シャーロットの紹介
みんなぁ~!!
今日も来てくれたありがとうぉ~♪
楽しんでってねぇ~!
執務室では家族とジェイが笑顔で迎えてくれた。
それから家族が直ぐに着飾ったシャーロットに興味が移り、オリビアは完全に無視されてしまった。
今日来た目的ですが、ベッサム領で領主の交代が起きました。
普通の交代と違い、呆れる理由で起きた今回の交代で新たに領主に納まったのは次男のガルです。
長男は軍に興味があった様で、軍を取りまとめる長に着きました。
驚くのは良く分りますが、まだ続きがありますからと、言うルイネにアリアが「今は落ち着いて」と、ルチェを諫めた。

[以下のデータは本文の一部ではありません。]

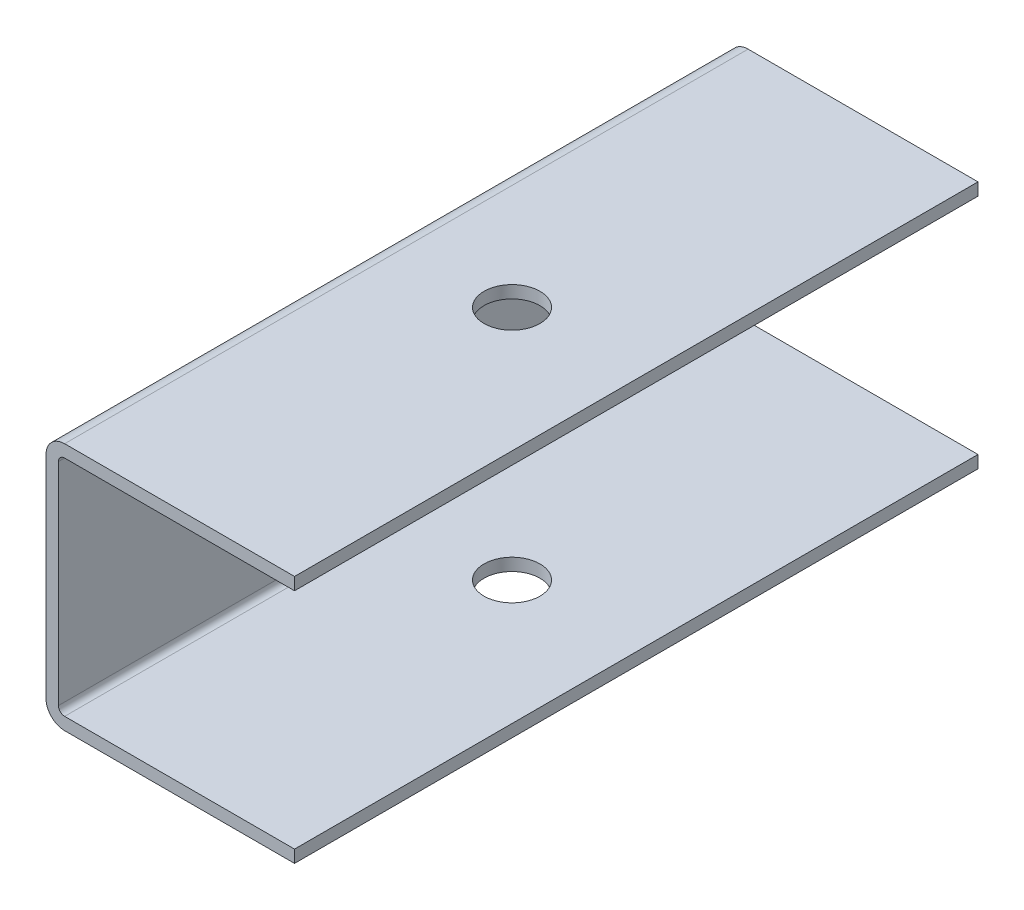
ISO-10303-21;
HEADER;
FILE_DESCRIPTION(('STEP AP214'),'2;1');
FILE_NAME('part.step','',(''),(''),'','','');
FILE_SCHEMA(('AUTOMOTIVE_DESIGN { 1 0 10303 214 1 1 1 1 }'));
ENDSEC;
DATA;
#1=APPLICATION_CONTEXT('core data for automotive mechanical design processes');
#2=APPLICATION_PROTOCOL_DEFINITION('international standard','automotive_design',2000,#1);
#3=PRODUCT_CONTEXT('',#1,'mechanical');
#4=PRODUCT('Part','Part','',(#3));
#5=PRODUCT_RELATED_PRODUCT_CATEGORY('part','',(#4));
#6=PRODUCT_DEFINITION_FORMATION('','',#4);
#7=PRODUCT_DEFINITION_CONTEXT('part definition',#1,'design');
#8=PRODUCT_DEFINITION('design','',#6,#7);
#9=PRODUCT_DEFINITION_SHAPE('','',#8);
#10=(LENGTH_UNIT() NAMED_UNIT(*) SI_UNIT(.MILLI.,.METRE.));
#11=(NAMED_UNIT(*) PLANE_ANGLE_UNIT() SI_UNIT($,.RADIAN.));
#12=(NAMED_UNIT(*) SI_UNIT($,.STERADIAN.) SOLID_ANGLE_UNIT());
#13=UNCERTAINTY_MEASURE_WITH_UNIT(LENGTH_MEASURE(1.E-05),#10,'distance_accuracy_value','');
#14=(GEOMETRIC_REPRESENTATION_CONTEXT(3) GLOBAL_UNCERTAINTY_ASSIGNED_CONTEXT((#13)) GLOBAL_UNIT_ASSIGNED_CONTEXT((#10,
#11,#12)) REPRESENTATION_CONTEXT('',''));
#15=CARTESIAN_POINT('',(0.,0.,0.));
#16=DIRECTION('',(0.,0.,1.));
#17=DIRECTION('',(1.,0.,0.));
#18=AXIS2_PLACEMENT_3D('',#15,#16,#17);
#19=CARTESIAN_POINT('',(40.,-38.,110.));
#20=DIRECTION('',(-1.,0.,0.));
#21=DIRECTION('',(0.,0.,1.));
#22=AXIS2_PLACEMENT_3D('',#19,#20,#21);
#23=PLANE('',#22);
#24=DIRECTION('',(0.,1.,0.));
#25=VECTOR('',#24,1.);
#26=CARTESIAN_POINT('',(40.,-38.,0.));
#27=LINE('',#26,#25);
#28=CARTESIAN_POINT('',(40.,-40.,0.));
#29=VERTEX_POINT('',#28);
#30=CARTESIAN_POINT('',(40.,-38.,0.));
#31=VERTEX_POINT('',#30);
#32=EDGE_CURVE('E121',#29,#31,#27,.T.);
#33=ORIENTED_EDGE('',*,*,#32,.T.);
#34=DIRECTION('',(0.,0.,-1.));
#35=VECTOR('',#34,1.);
#36=CARTESIAN_POINT('',(40.,-38.,110.));
#37=LINE('',#36,#35);
#38=CARTESIAN_POINT('',(40.,-38.,110.));
#39=VERTEX_POINT('',#38);
#40=EDGE_CURVE('E11',#39,#31,#37,.T.);
#41=ORIENTED_EDGE('',*,*,#40,.F.);
#42=DIRECTION('',(0.,1.,0.));
#43=VECTOR('',#42,1.);
#44=CARTESIAN_POINT('',(40.,-38.,110.));
#45=LINE('',#44,#43);
#46=CARTESIAN_POINT('',(40.,-40.,110.));
#47=VERTEX_POINT('',#46);
#48=EDGE_CURVE('E161',#47,#39,#45,.T.);
#49=ORIENTED_EDGE('',*,*,#48,.F.);
#50=DIRECTION('',(0.,0.,-1.));
#51=VECTOR('',#50,1.);
#52=CARTESIAN_POINT('',(40.,-40.,110.));
#53=LINE('',#52,#51);
#54=EDGE_CURVE('E134',#47,#29,#53,.T.);
#55=ORIENTED_EDGE('',*,*,#54,.T.);
#56=EDGE_LOOP('',(#33,#41,#49,#55));
#57=FACE_BOUND('',#56,.T.);
#58=ADVANCED_FACE('F29',(#57),#23,.F.);
#59=CARTESIAN_POINT('',(3.,-38.,110.));
#60=DIRECTION('',(0.,-1.,0.));
#61=DIRECTION('',(0.,0.,-1.));
#62=AXIS2_PLACEMENT_3D('',#59,#60,#61);
#63=PLANE('',#62);
#64=CARTESIAN_POINT('',(20.,-38.,55.));
#65=DIRECTION('',(0.,-1.,0.));
#66=DIRECTION('',(0.,0.,-1.));
#67=AXIS2_PLACEMENT_3D('',#64,#65,#66);
#68=CIRCLE('',#67,4.50000000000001);
#69=CARTESIAN_POINT('',(20.,-38.,50.5));
#70=VERTEX_POINT('',#69);
#71=EDGE_CURVE('E135',#70,#70,#68,.T.);
#72=ORIENTED_EDGE('',*,*,#71,.T.);
#73=EDGE_LOOP('',(#72));
#74=FACE_BOUND('',#73,.T.);
#75=DIRECTION('',(-1.,0.,0.));
#76=VECTOR('',#75,1.);
#77=CARTESIAN_POINT('',(3.,-38.,0.));
#78=LINE('',#77,#76);
#79=CARTESIAN_POINT('',(3.,-38.,0.));
#80=VERTEX_POINT('',#79);
#81=EDGE_CURVE('E117',#31,#80,#78,.T.);
#82=ORIENTED_EDGE('',*,*,#81,.T.);
#83=DIRECTION('',(0.,0.,-1.));
#84=VECTOR('',#83,1.);
#85=CARTESIAN_POINT('',(3.,-38.,110.));
#86=LINE('',#85,#84);
#87=CARTESIAN_POINT('',(3.,-38.,110.));
#88=VERTEX_POINT('',#87);
#89=EDGE_CURVE('E36',#88,#80,#86,.T.);
#90=ORIENTED_EDGE('',*,*,#89,.F.);
#91=DIRECTION('',(-1.,0.,0.));
#92=VECTOR('',#91,1.);
#93=CARTESIAN_POINT('',(3.,-38.,110.));
#94=LINE('',#93,#92);
#95=EDGE_CURVE('E130',#39,#88,#94,.T.);
#96=ORIENTED_EDGE('',*,*,#95,.F.);
#97=ORIENTED_EDGE('',*,*,#40,.T.);
#98=EDGE_LOOP('',(#82,#90,#96,#97));
#99=FACE_BOUND('',#98,.T.);
#100=ADVANCED_FACE('F129',(#74,#99),#63,.F.);
#101=CARTESIAN_POINT('',(3.,-37.,110.));
#102=DIRECTION('',(0.,0.,-1.));
#103=DIRECTION('',(-1.,0.,0.));
#104=AXIS2_PLACEMENT_3D('',#101,#102,#103);
#105=CYLINDRICAL_SURFACE('',#104,1.);
#106=CARTESIAN_POINT('',(3.,-37.,0.));
#107=DIRECTION('',(0.,0.,-1.));
#108=DIRECTION('',(-1.,0.,0.));
#109=AXIS2_PLACEMENT_3D('',#106,#107,#108);
#110=CIRCLE('',#109,1.);
#111=CARTESIAN_POINT('',(2.,-37.,0.));
#112=VERTEX_POINT('',#111);
#113=EDGE_CURVE('E123',#80,#112,#110,.T.);
#114=ORIENTED_EDGE('',*,*,#113,.T.);
#115=DIRECTION('',(0.,0.,-1.));
#116=VECTOR('',#115,1.);
#117=CARTESIAN_POINT('',(2.,-37.,110.));
#118=LINE('',#117,#116);
#119=CARTESIAN_POINT('',(2.,-37.,110.));
#120=VERTEX_POINT('',#119);
#121=EDGE_CURVE('E207',#120,#112,#118,.T.);
#122=ORIENTED_EDGE('',*,*,#121,.F.);
#123=CARTESIAN_POINT('',(3.,-37.,110.));
#124=DIRECTION('',(0.,0.,-1.));
#125=DIRECTION('',(-1.,0.,0.));
#126=AXIS2_PLACEMENT_3D('',#123,#124,#125);
#127=CIRCLE('',#126,1.);
#128=EDGE_CURVE('E164',#88,#120,#127,.T.);
#129=ORIENTED_EDGE('',*,*,#128,.F.);
#130=ORIENTED_EDGE('',*,*,#89,.T.);
#131=EDGE_LOOP('',(#114,#122,#129,#130));
#132=FACE_BOUND('',#131,.T.);
#133=ADVANCED_FACE('F211',(#132),#105,.F.);
#134=CARTESIAN_POINT('',(2.,-3.,110.));
#135=DIRECTION('',(-1.,0.,0.));
#136=DIRECTION('',(0.,-1.,0.));
#137=AXIS2_PLACEMENT_3D('',#134,#135,#136);
#138=PLANE('',#137);
#139=DIRECTION('',(0.,1.,0.));
#140=VECTOR('',#139,1.);
#141=CARTESIAN_POINT('',(2.,-3.,0.));
#142=LINE('',#141,#140);
#143=CARTESIAN_POINT('',(2.,-3.,0.));
#144=VERTEX_POINT('',#143);
#145=EDGE_CURVE('E143',#112,#144,#142,.T.);
#146=ORIENTED_EDGE('',*,*,#145,.T.);
#147=DIRECTION('',(0.,0.,-1.));
#148=VECTOR('',#147,1.);
#149=CARTESIAN_POINT('',(2.,-3.,110.));
#150=LINE('',#149,#148);
#151=CARTESIAN_POINT('',(2.,-3.,110.));
#152=VERTEX_POINT('',#151);
#153=EDGE_CURVE('E204',#152,#144,#150,.T.);
#154=ORIENTED_EDGE('',*,*,#153,.F.);
#155=DIRECTION('',(0.,1.,0.));
#156=VECTOR('',#155,1.);
#157=CARTESIAN_POINT('',(2.,-3.,110.));
#158=LINE('',#157,#156);
#159=EDGE_CURVE('E166',#120,#152,#158,.T.);
#160=ORIENTED_EDGE('',*,*,#159,.F.);
#161=ORIENTED_EDGE('',*,*,#121,.T.);
#162=EDGE_LOOP('',(#146,#154,#160,#161));
#163=FACE_BOUND('',#162,.T.);
#164=ADVANCED_FACE('F219',(#163),#138,.F.);
#165=CARTESIAN_POINT('',(3.,-3.,110.));
#166=DIRECTION('',(0.,0.,-1.));
#167=DIRECTION('',(-1.,0.,0.));
#168=AXIS2_PLACEMENT_3D('',#165,#166,#167);
#169=CYLINDRICAL_SURFACE('',#168,1.);
#170=CARTESIAN_POINT('',(3.,-3.,0.));
#171=DIRECTION('',(0.,0.,-1.));
#172=DIRECTION('',(-1.,0.,0.));
#173=AXIS2_PLACEMENT_3D('',#170,#171,#172);
#174=CIRCLE('',#173,1.);
#175=CARTESIAN_POINT('',(3.,-2.,0.));
#176=VERTEX_POINT('',#175);
#177=EDGE_CURVE('E145',#144,#176,#174,.T.);
#178=ORIENTED_EDGE('',*,*,#177,.T.);
#179=DIRECTION('',(0.,0.,-1.));
#180=VECTOR('',#179,1.);
#181=CARTESIAN_POINT('',(3.,-2.,110.));
#182=LINE('',#181,#180);
#183=CARTESIAN_POINT('',(3.,-2.,110.));
#184=VERTEX_POINT('',#183);
#185=EDGE_CURVE('E201',#184,#176,#182,.T.);
#186=ORIENTED_EDGE('',*,*,#185,.F.);
#187=CARTESIAN_POINT('',(3.,-3.,110.));
#188=DIRECTION('',(0.,0.,-1.));
#189=DIRECTION('',(-1.,0.,0.));
#190=AXIS2_PLACEMENT_3D('',#187,#188,#189);
#191=CIRCLE('',#190,1.);
#192=EDGE_CURVE('E168',#152,#184,#191,.T.);
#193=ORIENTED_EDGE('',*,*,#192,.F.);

長女のステイシーはジュエルが持つ諜報組織を引き継ぎました。
それで、エランとジュエルは旧ダストロイ廃鉱山に幽閉されています。
その他の家族は舘の別棟に執事のギルと一緒に軟禁されています。
ルチェとアリアの驚き狼狽えるのと正反対に冷静なジェシーが「その呆れる理由とは何でしょうか」と、聞いた。
「それは毎朝の食事です。
この前の食事の時に話したと思いますが、エランの所の朝食はシリアルですから。
一番初めにルリ様についてエランの所へ行き朝食を御馳走になりましたが、その時に上の兄姉等三人は明らかな不満を隠そうとはしなかったですね。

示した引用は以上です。